Favourable weather conditions contributed to a strong increase in agricultural production, reflected in a 26.8 per cent increase in Agriculture, Forestry and Fishing Gross Value Added. There were flow-on positive impacts to other industries along the supply chain, including Wholesale Trade and Transport, Postal and Warehousing, which rose 3.6 per cent and 6.1 per cent respectively.

Labor’s treasury spokesman Jim Chalmers said an expected rebound in GDP was welcome but unsurprising given the re-opening of Victoria around that time.

“It won’t be enough to recover all the ground lost during the recession or to ensure people aren’t left behind.”

Reserve Bank governor Philip Lowe, following Tuesday’s monthly board meeting, said the economic recovery was well underway and had been stronger than earlier expected.
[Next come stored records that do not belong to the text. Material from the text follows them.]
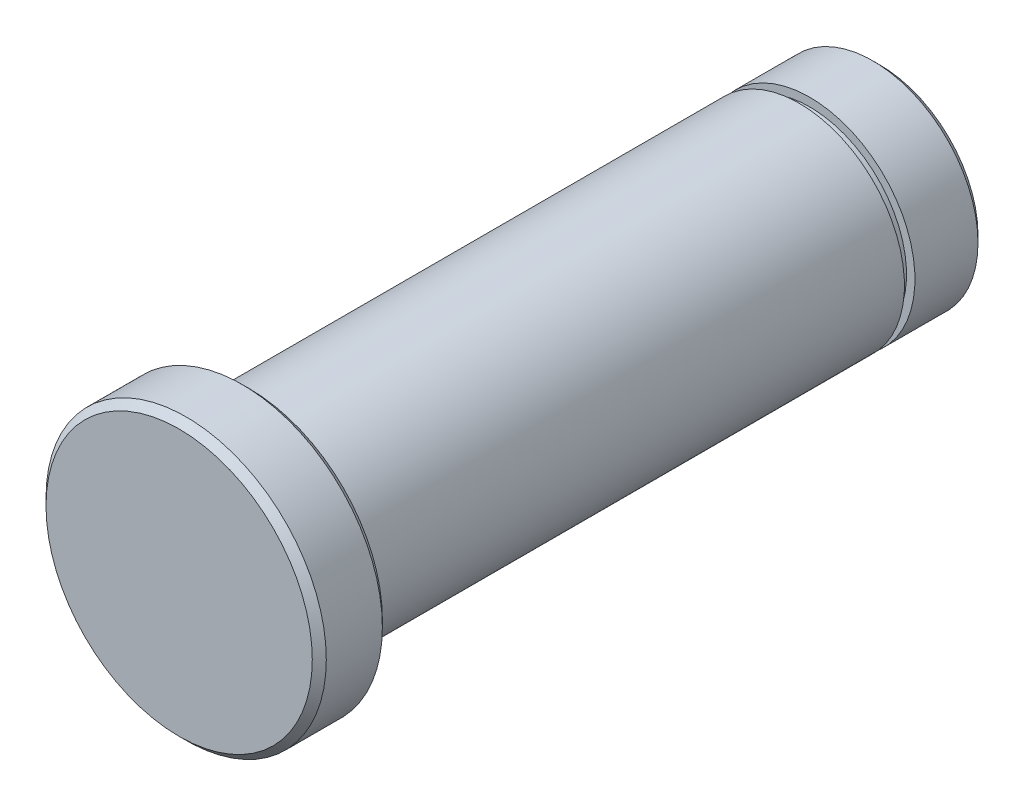
ISO-10303-21;
HEADER;
FILE_DESCRIPTION(('STEP AP214'),'2;1');
FILE_NAME('part.step','',(''),(''),'','','');
FILE_SCHEMA(('AUTOMOTIVE_DESIGN { 1 0 10303 214 1 1 1 1 }'));
ENDSEC;
DATA;
#1=APPLICATION_CONTEXT('core data for automotive mechanical design processes');
#2=APPLICATION_PROTOCOL_DEFINITION('international standard','automotive_design',2000,#1);
#3=PRODUCT_CONTEXT('',#1,'mechanical');
#4=PRODUCT('Part','Part','',(#3));
#5=PRODUCT_RELATED_PRODUCT_CATEGORY('part','',(#4));
#6=PRODUCT_DEFINITION_FORMATION('','',#4);
#7=PRODUCT_DEFINITION_CONTEXT('part definition',#1,'design');
#8=PRODUCT_DEFINITION('design','',#6,#7);
#9=PRODUCT_DEFINITION_SHAPE('','',#8);
#10=(LENGTH_UNIT() NAMED_UNIT(*) SI_UNIT(.MILLI.,.METRE.));
#11=(NAMED_UNIT(*) PLANE_ANGLE_UNIT() SI_UNIT($,.RADIAN.));
#12=(NAMED_UNIT(*) SI_UNIT($,.STERADIAN.) SOLID_ANGLE_UNIT());
#13=UNCERTAINTY_MEASURE_WITH_UNIT(LENGTH_MEASURE(1.E-05),#10,'distance_accuracy_value','');
#14=(GEOMETRIC_REPRESENTATION_CONTEXT(3) GLOBAL_UNCERTAINTY_ASSIGNED_CONTEXT((#13)) GLOBAL_UNIT_ASSIGNED_CONTEXT((#10,
#11,#12)) REPRESENTATION_CONTEXT('',''));
#15=CARTESIAN_POINT('',(0.,0.,0.));
#16=DIRECTION('',(0.,0.,1.));
#17=DIRECTION('',(1.,0.,0.));
#18=AXIS2_PLACEMENT_3D('',#15,#16,#17);
#19=CARTESIAN_POINT('',(0.,0.,90.));
#20=DIRECTION('',(0.,0.,-1.));
#21=DIRECTION('',(-1.,0.,0.));
#22=AXIS2_PLACEMENT_3D('',#19,#20,#21);
#23=CYLINDRICAL_SURFACE('',#22,15.);
#24=CARTESIAN_POINT('',(0.,0.,11.5));
#25=DIRECTION('',(0.,0.,1.));
#26=DIRECTION('',(1.,0.,0.));
#27=AXIS2_PLACEMENT_3D('',#24,#25,#26);
#28=CIRCLE('',#27,15.);
#29=CARTESIAN_POINT('',(-15.,0.,11.5));
#30=VERTEX_POINT('',#29);
#31=EDGE_CURVE('E61',#30,#30,#28,.T.);
#32=CARTESIAN_POINT('',(0.,0.,90.));
#33=DIRECTION('',(0.,0.,1.));
#34=DIRECTION('',(1.,0.,0.));
#35=AXIS2_PLACEMENT_3D('',#32,#33,#34);
#36=CIRCLE('',#35,15.);
#37=CARTESIAN_POINT('',(-15.,0.,90.));
#38=VERTEX_POINT('',#37);
#39=EDGE_CURVE('E60',#38,#38,#36,.T.);
#40=CARTESIAN_POINT('',(-15.,0.,11.5));
#41=CARTESIAN_POINT('',(-15.,0.,12.3177083333333));
#42=CARTESIAN_POINT('',(-15.,0.,13.1354166666667));
#43=CARTESIAN_POINT('',(-15.,0.,14.7708333333333));
#44=CARTESIAN_POINT('',(-15.,0.,15.5885416666667));
#45=CARTESIAN_POINT('',(-15.,0.,17.2239583333333));
#46=CARTESIAN_POINT('',(-15.,0.,18.0416666666667));
#47=CARTESIAN_POINT('',(-15.,0.,19.6770833333333));
#48=CARTESIAN_POINT('',(-15.,0.,20.4947916666667));
#49=CARTESIAN_POINT('',(-15.,0.,22.1302083333333));
#50=CARTESIAN_POINT('',(-15.,0.,22.9479166666667));
#51=CARTESIAN_POINT('',(-15.,0.,24.5833333333333));
#52=CARTESIAN_POINT('',(-15.,0.,25.4010416666667));
#53=CARTESIAN_POINT('',(-15.,0.,27.0364583333333));
#54=CARTESIAN_POINT('',(-15.,0.,27.8541666666667));
#55=CARTESIAN_POINT('',(-15.,0.,29.4895833333333));
#56=CARTESIAN_POINT('',(-15.,0.,30.3072916666667));
#57=CARTESIAN_POINT('',(-15.,0.,31.9427083333333));
#58=CARTESIAN_POINT('',(-15.,0.,32.7604166666667));
#59=CARTESIAN_POINT('',(-15.,0.,34.3958333333333));
#60=CARTESIAN_POINT('',(-15.,0.,35.2135416666667));
#61=CARTESIAN_POINT('',(-15.,0.,36.8489583333333));
#62=CARTESIAN_POINT('',(-15.,0.,37.6666666666667));
#63=CARTESIAN_POINT('',(-15.,0.,39.3020833333333));
#64=CARTESIAN_POINT('',(-15.,0.,40.1197916666667));
#65=CARTESIAN_POINT('',(-15.,0.,41.7552083333333));
#66=CARTESIAN_POINT('',(-15.,0.,42.5729166666667));
#67=CARTESIAN_POINT('',(-15.,0.,44.2083333333333));
#68=CARTESIAN_POINT('',(-15.,0.,45.0260416666667));
#69=CARTESIAN_POINT('',(-15.,0.,46.6614583333333));
#70=CARTESIAN_POINT('',(-15.,0.,47.4791666666667));
#71=CARTESIAN_POINT('',(-15.,0.,49.1145833333333));
#72=CARTESIAN_POINT('',(-15.,0.,49.9322916666667));
#73=CARTESIAN_POINT('',(-15.,0.,51.5677083333333));
#74=CARTESIAN_POINT('',(-15.,0.,52.3854166666667));
#75=CARTESIAN_POINT('',(-15.,0.,54.0208333333333));
#76=CARTESIAN_POINT('',(-15.,0.,54.8385416666667));
#77=CARTESIAN_POINT('',(-15.,0.,56.4739583333333));
#78=CARTESIAN_POINT('',(-15.,0.,57.2916666666667));
#79=CARTESIAN_POINT('',(-15.,0.,58.9270833333333));
#80=CARTESIAN_POINT('',(-15.,0.,59.7447916666667));
#81=CARTESIAN_POINT('',(-15.,0.,61.3802083333333));
#82=CARTESIAN_POINT('',(-15.,0.,62.1979166666667));
#83=CARTESIAN_POINT('',(-15.,0.,63.8333333333333));
#84=CARTESIAN_POINT('',(-15.,0.,64.6510416666667));
#85=CARTESIAN_POINT('',(-15.,0.,66.2864583333333));
#86=CARTESIAN_POINT('',(-15.,0.,67.1041666666667));
#87=CARTESIAN_POINT('',(-15.,0.,68.7395833333333));
#88=CARTESIAN_POINT('',(-15.,0.,69.5572916666666));
#89=CARTESIAN_POINT('',(-15.,0.,71.1927083333333));
#90=CARTESIAN_POINT('',(-15.,0.,72.0104166666666));
#91=CARTESIAN_POINT('',(-15.,0.,73.6458333333333));
#92=CARTESIAN_POINT('',(-15.,0.,74.4635416666666));
#93=CARTESIAN_POINT('',(-15.,0.,76.0989583333333));
#94=CARTESIAN_POINT('',(-15.,0.,76.9166666666666));
#95=CARTESIAN_POINT('',(-15.,0.,78.5520833333333));
#96=CARTESIAN_POINT('',(-15.,0.,79.3697916666666));
#97=CARTESIAN_POINT('',(-15.,0.,81.0052083333333));
#98=CARTESIAN_POINT('',(-15.,0.,81.8229166666666));
#99=CARTESIAN_POINT('',(-15.,0.,83.4583333333333));
#100=CARTESIAN_POINT('',(-15.,0.,84.2760416666666));
#101=CARTESIAN_POINT('',(-15.,0.,85.9114583333333));
#102=CARTESIAN_POINT('',(-15.,0.,86.7291666666666));
#103=CARTESIAN_POINT('',(-15.,0.,88.3645833333333));
#104=CARTESIAN_POINT('',(-15.,0.,89.1822916666666));
#105=CARTESIAN_POINT('',(-15.,0.,90.));
#106=B_SPLINE_CURVE_WITH_KNOTS('',3,(#40,#41,#42,#43,#44,#45,#46,#47,#48,#49,#50,#51,#52,#53,
#54,#55,#56,#57,#58,#59,#60,#61,#62,#63,#64,#65,#66,#67,#68,#69,#70,#71,#72,#73,#74,#75,#76,#77,
#78,#79,#80,#81,#82,#83,#84,#85,#86,#87,#88,#89,#90,#91,#92,#93,#94,#95,#96,#97,#98,#99,#100,
#101,#102,#103,#104,#105),.UNSPECIFIED.,.F.,.F.,(4,2,2,2,2,2,2,2,2,2,2,2,2,2,2,2,2,2,2,2,2,2,2,
2,2,2,2,2,2,2,2,2,4),(0.,2.453125,4.90625,7.359375,9.8125,12.265625,14.71875,17.171875,19.625,
22.078125,24.53125,26.984375,29.4375,31.890625,34.34375,36.796875,39.25,41.703125,44.15625,
46.609375,49.0625,51.515625,53.96875,56.421875,58.875,61.328125,63.78125,66.234375,68.6875,
71.140625,73.59375,76.046875,78.5),.UNSPECIFIED.);
#107=EDGE_CURVE('BSEAM34',#30,#38,#106,.T.);
#108=ORIENTED_EDGE('',*,*,#31,.T.);
#109=ORIENTED_EDGE('',*,*,#39,.F.);
#110=ORIENTED_EDGE('',*,*,#107,.T.);
#111=ORIENTED_EDGE('',*,*,#107,.F.);
#112=EDGE_LOOP('',(#108,#110,#109,#111));
#113=FACE_BOUND('',#112,.T.);
#114=ADVANCED_FACE('F34',(#113),#23,.T.);
#115=CARTESIAN_POINT('',(0.,0.,90.));
#116=DIRECTION('',(0.,0.,1.));
#117=DIRECTION('',(1.,0.,0.));
#118=AXIS2_PLACEMENT_3D('',#115,#116,#117);
#119=PLANE('',#118);
#120=CARTESIAN_POINT('',(0.,0.,90.));
#121=DIRECTION('',(0.,0.,1.));
#122=DIRECTION('',(1.,0.,0.));
#123=AXIS2_PLACEMENT_3D('',#120,#121,#122);
#124=CIRCLE('',#123,19.);
#125=CARTESIAN_POINT('',(19.,0.,90.));
#126=VERTEX_POINT('',#125);
#127=EDGE_CURVE('E10',#126,#126,#124,.F.);
#128=ORIENTED_EDGE('',*,*,#127,.T.);
#129=EDGE_LOOP('',(#128));
#130=FACE_BOUND('',#129,.T.);
#131=ORIENTED_EDGE('',*,*,#39,.T.);
#132=EDGE_LOOP('',(#131));
#133=FACE_BOUND('',#132,.T.);
#134=ADVANCED_FACE('F95',(#130,#133),#119,.F.);
#135=CARTESIAN_POINT('',(0.,0.,100.));
#136=DIRECTION('',(0.,0.,-1.));
#137=DIRECTION('',(-1.,0.,0.));
#138=AXIS2_PLACEMENT_3D('',#135,#136,#137);
#139=CYLINDRICAL_SURFACE('',#138,20.);
#140=CARTESIAN_POINT('',(0.,0.,99.));
#141=DIRECTION('',(0.,0.,1.));
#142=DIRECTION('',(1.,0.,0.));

The central bank left the cash rate and its other key rates at a record low 0.1 per cent, while committing to further bond purchases aimed at keeping market interest rates and borrowing costs low.

Interest rates, or yields, on global bond markets have risen sharply recently in anticipation of a rapid recovery from the COVID-19-induced recession fuelling inflation.

However, Lowe has reiterated the board will not raise interest rates until inflation is sustainably between two and three per cent, something he does not expect to occur until 2024 at the earliest.